Items from a data source
§ §

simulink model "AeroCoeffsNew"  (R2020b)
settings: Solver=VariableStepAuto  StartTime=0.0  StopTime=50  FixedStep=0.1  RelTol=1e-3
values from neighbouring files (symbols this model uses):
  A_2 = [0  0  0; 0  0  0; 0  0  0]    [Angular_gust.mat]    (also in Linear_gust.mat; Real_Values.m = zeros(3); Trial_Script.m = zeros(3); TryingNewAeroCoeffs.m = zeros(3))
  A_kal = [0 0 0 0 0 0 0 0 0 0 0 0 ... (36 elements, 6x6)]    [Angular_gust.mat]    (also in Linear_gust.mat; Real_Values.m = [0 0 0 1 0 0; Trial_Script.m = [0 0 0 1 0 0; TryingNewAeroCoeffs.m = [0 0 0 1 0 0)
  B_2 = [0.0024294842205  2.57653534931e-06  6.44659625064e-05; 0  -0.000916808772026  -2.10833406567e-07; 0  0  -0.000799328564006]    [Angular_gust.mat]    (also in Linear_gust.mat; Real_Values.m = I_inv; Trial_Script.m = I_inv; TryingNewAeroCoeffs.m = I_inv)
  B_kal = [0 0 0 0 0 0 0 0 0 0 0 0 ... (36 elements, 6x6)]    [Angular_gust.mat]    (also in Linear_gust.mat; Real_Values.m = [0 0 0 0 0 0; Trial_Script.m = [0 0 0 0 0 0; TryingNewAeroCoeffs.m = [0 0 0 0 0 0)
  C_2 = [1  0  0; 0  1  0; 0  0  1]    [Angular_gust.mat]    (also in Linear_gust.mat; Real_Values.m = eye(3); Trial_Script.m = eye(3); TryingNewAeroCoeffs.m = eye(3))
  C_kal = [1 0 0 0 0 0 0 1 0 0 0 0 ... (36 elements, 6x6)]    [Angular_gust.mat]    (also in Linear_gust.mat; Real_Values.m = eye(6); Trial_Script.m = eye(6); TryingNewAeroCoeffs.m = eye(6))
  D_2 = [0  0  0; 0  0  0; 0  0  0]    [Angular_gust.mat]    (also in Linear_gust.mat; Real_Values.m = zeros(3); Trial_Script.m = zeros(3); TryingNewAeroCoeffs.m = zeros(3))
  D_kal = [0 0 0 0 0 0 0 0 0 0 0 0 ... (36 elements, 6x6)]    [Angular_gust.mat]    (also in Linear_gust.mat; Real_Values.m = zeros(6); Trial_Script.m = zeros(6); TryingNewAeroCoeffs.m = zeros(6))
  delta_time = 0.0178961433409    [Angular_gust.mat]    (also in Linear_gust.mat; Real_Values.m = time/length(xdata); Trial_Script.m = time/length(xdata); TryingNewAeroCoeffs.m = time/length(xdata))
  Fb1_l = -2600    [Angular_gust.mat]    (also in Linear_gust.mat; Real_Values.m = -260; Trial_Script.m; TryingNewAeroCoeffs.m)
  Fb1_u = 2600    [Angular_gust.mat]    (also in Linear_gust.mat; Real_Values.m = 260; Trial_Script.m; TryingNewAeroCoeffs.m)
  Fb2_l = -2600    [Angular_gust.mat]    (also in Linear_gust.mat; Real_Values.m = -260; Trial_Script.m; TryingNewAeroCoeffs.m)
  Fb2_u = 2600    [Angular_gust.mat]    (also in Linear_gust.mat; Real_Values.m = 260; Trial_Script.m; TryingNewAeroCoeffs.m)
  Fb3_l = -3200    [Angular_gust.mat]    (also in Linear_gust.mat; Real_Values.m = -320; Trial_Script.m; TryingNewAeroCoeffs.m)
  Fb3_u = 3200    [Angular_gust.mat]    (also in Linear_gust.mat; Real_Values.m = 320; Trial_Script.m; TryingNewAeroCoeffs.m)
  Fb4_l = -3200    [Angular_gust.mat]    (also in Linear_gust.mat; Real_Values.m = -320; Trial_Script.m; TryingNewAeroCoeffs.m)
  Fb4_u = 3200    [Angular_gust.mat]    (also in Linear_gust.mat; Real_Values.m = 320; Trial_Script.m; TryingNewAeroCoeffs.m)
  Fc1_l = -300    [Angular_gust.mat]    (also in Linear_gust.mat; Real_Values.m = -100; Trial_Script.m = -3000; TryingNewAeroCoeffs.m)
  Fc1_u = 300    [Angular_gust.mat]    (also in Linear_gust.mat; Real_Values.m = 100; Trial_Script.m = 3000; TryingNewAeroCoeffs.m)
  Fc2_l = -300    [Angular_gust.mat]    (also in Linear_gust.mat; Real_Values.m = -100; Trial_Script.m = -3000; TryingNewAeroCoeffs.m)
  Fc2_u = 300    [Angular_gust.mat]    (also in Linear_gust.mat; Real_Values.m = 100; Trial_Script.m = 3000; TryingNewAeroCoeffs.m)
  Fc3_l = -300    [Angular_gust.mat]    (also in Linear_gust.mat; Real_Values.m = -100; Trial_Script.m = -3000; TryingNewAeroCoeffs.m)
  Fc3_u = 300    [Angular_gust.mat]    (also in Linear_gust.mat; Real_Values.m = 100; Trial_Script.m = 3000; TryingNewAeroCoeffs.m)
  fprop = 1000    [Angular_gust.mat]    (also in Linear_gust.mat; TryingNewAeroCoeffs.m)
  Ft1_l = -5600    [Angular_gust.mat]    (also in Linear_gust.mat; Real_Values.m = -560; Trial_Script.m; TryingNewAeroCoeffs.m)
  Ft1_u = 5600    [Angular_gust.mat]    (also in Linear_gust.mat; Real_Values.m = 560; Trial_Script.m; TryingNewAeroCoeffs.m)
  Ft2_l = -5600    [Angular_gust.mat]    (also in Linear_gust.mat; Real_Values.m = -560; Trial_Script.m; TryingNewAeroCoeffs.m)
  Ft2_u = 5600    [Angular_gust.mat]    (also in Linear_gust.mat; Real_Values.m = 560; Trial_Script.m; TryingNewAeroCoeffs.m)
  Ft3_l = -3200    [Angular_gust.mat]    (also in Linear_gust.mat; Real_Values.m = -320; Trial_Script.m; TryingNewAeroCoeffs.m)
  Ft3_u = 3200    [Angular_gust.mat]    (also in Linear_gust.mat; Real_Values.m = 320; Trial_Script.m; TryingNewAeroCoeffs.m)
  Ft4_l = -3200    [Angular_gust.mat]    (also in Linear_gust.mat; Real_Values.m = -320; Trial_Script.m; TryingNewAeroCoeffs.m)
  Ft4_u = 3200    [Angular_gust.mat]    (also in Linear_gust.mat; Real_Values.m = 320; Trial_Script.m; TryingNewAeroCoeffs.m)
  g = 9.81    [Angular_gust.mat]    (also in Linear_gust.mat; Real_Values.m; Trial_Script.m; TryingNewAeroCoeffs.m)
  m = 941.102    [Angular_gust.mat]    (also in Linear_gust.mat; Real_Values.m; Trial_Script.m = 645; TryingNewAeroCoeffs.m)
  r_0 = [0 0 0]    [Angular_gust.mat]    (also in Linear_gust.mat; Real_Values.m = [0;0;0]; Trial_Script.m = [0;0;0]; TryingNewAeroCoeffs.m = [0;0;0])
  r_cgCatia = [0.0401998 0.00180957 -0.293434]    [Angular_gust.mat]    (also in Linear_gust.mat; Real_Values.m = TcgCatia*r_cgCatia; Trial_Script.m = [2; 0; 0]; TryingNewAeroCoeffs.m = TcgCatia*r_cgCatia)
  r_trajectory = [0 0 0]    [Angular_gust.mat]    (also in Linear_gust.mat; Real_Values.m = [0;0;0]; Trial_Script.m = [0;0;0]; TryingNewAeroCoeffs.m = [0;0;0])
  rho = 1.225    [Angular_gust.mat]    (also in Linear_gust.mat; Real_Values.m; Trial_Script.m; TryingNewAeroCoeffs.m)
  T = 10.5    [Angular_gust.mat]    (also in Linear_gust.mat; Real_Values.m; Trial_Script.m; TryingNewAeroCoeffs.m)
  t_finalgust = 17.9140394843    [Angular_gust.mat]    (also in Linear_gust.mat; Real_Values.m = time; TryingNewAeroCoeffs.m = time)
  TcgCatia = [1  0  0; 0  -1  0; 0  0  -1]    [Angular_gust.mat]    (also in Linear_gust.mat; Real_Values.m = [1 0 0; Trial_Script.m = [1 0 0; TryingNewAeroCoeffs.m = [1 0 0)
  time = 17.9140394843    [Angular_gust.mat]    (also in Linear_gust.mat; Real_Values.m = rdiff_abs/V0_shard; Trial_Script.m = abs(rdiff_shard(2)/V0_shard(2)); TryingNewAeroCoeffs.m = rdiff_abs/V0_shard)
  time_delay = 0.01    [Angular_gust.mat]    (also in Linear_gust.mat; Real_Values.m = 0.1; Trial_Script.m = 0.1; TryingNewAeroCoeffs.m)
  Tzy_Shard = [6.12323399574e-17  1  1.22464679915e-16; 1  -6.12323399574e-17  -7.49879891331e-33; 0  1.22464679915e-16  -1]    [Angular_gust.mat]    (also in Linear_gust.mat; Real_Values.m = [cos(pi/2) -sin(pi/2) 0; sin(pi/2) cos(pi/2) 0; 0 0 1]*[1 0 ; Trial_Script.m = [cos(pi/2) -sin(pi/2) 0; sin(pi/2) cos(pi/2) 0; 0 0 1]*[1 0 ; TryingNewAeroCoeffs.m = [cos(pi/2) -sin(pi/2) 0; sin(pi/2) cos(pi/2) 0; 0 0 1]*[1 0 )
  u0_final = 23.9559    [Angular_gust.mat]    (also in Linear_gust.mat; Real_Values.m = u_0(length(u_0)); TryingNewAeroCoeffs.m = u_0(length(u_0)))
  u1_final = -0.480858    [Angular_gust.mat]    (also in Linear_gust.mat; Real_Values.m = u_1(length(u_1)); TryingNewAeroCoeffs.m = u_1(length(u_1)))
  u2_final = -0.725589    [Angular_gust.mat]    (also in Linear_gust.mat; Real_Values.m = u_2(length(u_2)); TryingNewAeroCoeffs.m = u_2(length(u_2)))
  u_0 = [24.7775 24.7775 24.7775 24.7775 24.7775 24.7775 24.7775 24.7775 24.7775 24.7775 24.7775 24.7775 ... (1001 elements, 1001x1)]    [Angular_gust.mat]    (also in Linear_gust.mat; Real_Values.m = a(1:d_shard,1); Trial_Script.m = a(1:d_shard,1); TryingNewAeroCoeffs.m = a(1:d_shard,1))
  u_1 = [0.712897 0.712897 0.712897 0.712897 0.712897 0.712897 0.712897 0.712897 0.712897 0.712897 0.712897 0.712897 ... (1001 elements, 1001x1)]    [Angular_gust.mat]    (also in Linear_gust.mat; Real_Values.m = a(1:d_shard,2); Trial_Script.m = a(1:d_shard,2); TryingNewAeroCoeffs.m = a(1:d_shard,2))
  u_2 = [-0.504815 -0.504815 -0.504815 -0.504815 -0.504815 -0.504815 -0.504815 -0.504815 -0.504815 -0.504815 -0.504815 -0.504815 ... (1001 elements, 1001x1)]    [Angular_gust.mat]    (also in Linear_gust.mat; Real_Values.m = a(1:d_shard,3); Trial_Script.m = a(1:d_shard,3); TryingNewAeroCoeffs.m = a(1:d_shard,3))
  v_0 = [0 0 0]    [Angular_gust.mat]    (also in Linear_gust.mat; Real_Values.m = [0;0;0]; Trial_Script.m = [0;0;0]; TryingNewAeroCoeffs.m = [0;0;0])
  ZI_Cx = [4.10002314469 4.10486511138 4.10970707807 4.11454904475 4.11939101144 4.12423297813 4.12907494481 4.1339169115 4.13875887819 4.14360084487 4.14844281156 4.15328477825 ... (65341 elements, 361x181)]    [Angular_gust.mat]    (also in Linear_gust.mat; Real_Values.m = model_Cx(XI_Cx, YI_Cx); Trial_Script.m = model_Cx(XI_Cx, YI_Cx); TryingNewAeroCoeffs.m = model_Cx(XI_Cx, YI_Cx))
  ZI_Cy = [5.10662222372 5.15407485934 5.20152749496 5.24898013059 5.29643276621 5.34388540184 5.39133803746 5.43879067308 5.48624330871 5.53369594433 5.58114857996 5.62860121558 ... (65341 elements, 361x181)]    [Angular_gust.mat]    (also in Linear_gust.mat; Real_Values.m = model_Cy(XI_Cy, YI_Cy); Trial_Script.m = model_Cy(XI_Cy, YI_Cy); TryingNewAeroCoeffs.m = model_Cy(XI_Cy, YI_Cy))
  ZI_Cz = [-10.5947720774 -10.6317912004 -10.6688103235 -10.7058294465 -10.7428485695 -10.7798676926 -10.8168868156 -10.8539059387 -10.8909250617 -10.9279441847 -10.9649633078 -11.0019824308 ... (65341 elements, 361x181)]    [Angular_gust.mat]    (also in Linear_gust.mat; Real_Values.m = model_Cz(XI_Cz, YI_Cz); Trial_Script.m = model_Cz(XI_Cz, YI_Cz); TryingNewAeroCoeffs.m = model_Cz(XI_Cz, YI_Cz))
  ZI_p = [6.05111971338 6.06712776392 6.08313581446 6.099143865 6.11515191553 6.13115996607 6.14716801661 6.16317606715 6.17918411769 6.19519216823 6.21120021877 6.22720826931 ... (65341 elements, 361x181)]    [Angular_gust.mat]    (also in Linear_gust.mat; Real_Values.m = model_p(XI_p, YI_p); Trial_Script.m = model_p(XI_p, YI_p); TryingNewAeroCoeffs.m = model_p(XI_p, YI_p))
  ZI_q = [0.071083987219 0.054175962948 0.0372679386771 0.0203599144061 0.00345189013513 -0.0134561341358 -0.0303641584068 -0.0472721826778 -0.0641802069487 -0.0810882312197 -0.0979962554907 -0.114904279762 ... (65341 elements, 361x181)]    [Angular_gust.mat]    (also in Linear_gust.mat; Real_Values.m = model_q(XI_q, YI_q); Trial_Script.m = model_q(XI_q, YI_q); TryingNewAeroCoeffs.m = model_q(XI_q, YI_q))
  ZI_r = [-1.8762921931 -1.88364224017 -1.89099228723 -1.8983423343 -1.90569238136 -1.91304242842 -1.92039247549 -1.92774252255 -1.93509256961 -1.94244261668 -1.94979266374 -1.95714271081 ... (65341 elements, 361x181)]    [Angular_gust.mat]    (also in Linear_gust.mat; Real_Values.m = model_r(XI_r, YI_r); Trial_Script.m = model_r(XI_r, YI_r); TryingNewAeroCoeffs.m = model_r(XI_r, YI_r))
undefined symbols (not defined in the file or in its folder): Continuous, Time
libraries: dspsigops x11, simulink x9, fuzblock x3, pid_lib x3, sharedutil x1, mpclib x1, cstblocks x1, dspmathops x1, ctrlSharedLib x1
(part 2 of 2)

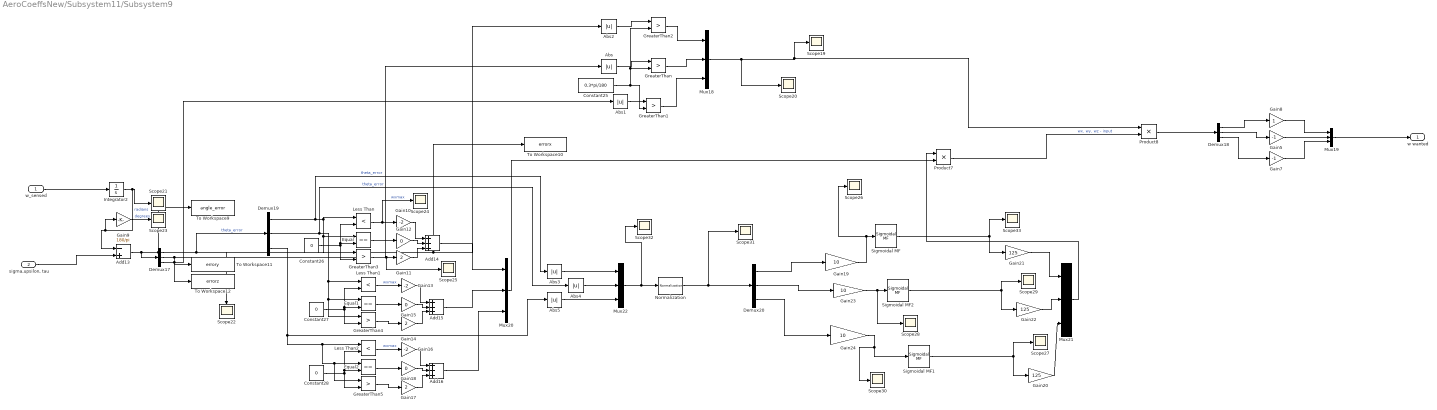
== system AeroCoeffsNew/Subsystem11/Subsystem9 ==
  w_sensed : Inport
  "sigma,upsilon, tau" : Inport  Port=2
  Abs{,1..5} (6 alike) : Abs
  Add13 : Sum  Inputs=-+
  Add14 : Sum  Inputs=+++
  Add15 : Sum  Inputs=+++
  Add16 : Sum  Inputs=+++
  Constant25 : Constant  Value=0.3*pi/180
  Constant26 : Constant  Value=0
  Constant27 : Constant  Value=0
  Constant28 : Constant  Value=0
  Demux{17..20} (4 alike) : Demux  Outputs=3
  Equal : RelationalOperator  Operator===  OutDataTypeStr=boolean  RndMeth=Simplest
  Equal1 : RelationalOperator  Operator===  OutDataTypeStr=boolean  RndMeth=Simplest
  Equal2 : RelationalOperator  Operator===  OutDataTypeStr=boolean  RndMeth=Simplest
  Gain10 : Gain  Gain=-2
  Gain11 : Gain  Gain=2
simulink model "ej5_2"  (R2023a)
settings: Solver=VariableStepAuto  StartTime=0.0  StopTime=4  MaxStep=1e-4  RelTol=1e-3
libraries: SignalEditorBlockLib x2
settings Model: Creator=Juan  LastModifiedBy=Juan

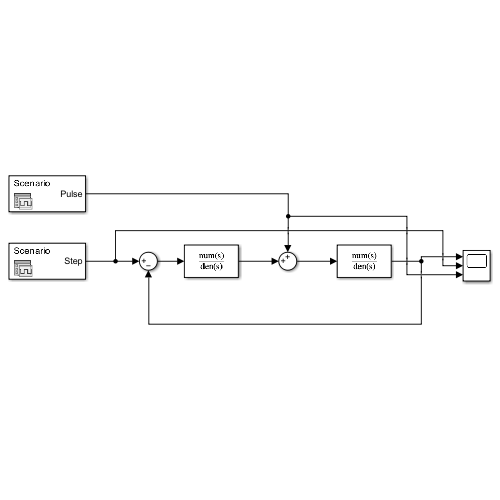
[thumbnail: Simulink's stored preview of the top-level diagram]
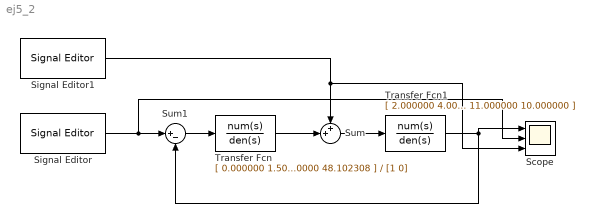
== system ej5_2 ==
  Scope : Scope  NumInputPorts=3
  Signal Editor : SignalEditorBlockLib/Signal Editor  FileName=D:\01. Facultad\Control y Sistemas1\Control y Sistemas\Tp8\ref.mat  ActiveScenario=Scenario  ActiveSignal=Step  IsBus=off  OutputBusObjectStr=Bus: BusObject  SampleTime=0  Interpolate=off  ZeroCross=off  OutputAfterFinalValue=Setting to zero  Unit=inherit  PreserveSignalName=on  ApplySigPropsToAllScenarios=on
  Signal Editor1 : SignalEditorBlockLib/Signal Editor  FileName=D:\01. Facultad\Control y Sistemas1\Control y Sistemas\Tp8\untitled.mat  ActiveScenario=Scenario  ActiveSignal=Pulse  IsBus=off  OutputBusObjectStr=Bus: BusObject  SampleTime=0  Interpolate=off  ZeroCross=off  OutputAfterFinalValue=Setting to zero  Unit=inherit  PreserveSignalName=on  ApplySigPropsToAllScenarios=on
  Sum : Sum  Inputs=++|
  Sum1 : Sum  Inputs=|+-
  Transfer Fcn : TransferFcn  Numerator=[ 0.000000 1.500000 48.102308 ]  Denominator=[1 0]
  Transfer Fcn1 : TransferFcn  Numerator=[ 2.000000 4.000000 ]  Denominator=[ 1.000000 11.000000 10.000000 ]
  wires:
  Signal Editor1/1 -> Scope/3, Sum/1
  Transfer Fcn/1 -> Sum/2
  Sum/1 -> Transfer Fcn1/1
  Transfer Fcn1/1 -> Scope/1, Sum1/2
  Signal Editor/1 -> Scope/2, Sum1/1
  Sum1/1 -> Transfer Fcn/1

§ §

» **ABOUT THIS TASK**
All lines above that include the word "Simplest" must be copied into the answer.

» **RESULT OF THIS TASK**
  Equal : RelationalOperator  Operator===  OutDataTypeStr=boolean  RndMeth=Simplest
  Equal1 : RelationalOperator  Operator===  OutDataTypeStr=boolean  RndMeth=Simplest
  Equal2 : RelationalOperator  Operator===  OutDataTypeStr=boolean  RndMeth=Simplest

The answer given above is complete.